---- Data provided
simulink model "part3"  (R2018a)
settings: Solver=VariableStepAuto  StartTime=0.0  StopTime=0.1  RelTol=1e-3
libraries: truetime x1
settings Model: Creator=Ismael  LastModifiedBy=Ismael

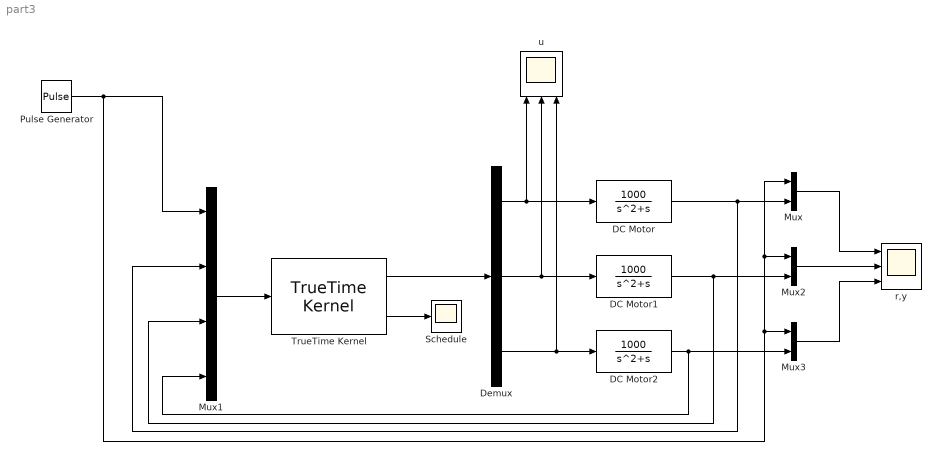
== system part3 ==
  DC Motor : TransferFcn  Numerator=[1000]  Denominator=[1 1 0]
  DC Motor1 : TransferFcn  Numerator=[1000]  Denominator=[1 1 0]
  DC Motor2 : TransferFcn  Numerator=[1000]  Denominator=[1 1 0]
  Demux : Demux  Outputs=3
  Mux : Mux  Inputs=2
  Mux1 : Mux
  Mux2 : Mux  Inputs=2
  Mux3 : Mux  Inputs=2
  "Pulse Generator " : DiscretePulseGenerator  PulseType=Time based  Amplitude=2  Period=1  PulseWidth=50  PhaseDelay=0.1
  Schedule : Scope
  "TrueTime Kernel " : truetime/TrueTime Kernel  sfun=part3_init  args=1  ninputsoutputs=[4 3]  ntriggers=0  trigtype=falling  nwnodenbr=[]  clockoffsetdrift=[0 0]  schedoutput=on  battery=off  poweroutput=off
  r,y : Scope  NumInputPorts=3
  u : Scope  NumInputPorts=3
  wires:
  "TrueTime Kernel "/2 -> Schedule/1
  Mux1/1 -> "TrueTime Kernel "/1
  "Pulse Generator "/1 -> Mux/1, Mux2/1, Mux3/1, Mux1/1
  Demux/1 -> u/1, DC Motor/1
  Demux/2 -> u/2, DC Motor1/1
  Demux/3 -> u/3, DC Motor2/1
  "TrueTime Kernel "/1 -> Demux/1
  Mux2/1 -> r,y/2
  Mux/1 -> r,y/1
  Mux3/1 -> r,y/3
  DC Motor/1 -> Mux1/2, Mux/2
  DC Motor1/1 -> Mux1/3, Mux2/2
  DC Motor2/1 -> Mux1/4, Mux3/2
--------
# Exercise
Starting at the line that contains "DC Motor/1 -> Mux1/2, Mux/2", transcribe every line through the last line of the entries above, exactly, and nothing else.

# Response to this exercise
  DC Motor/1 -> Mux1/2, Mux/2
  DC Motor1/1 -> Mux1/3, Mux2/2
  DC Motor2/1 -> Mux1/4, Mux3/2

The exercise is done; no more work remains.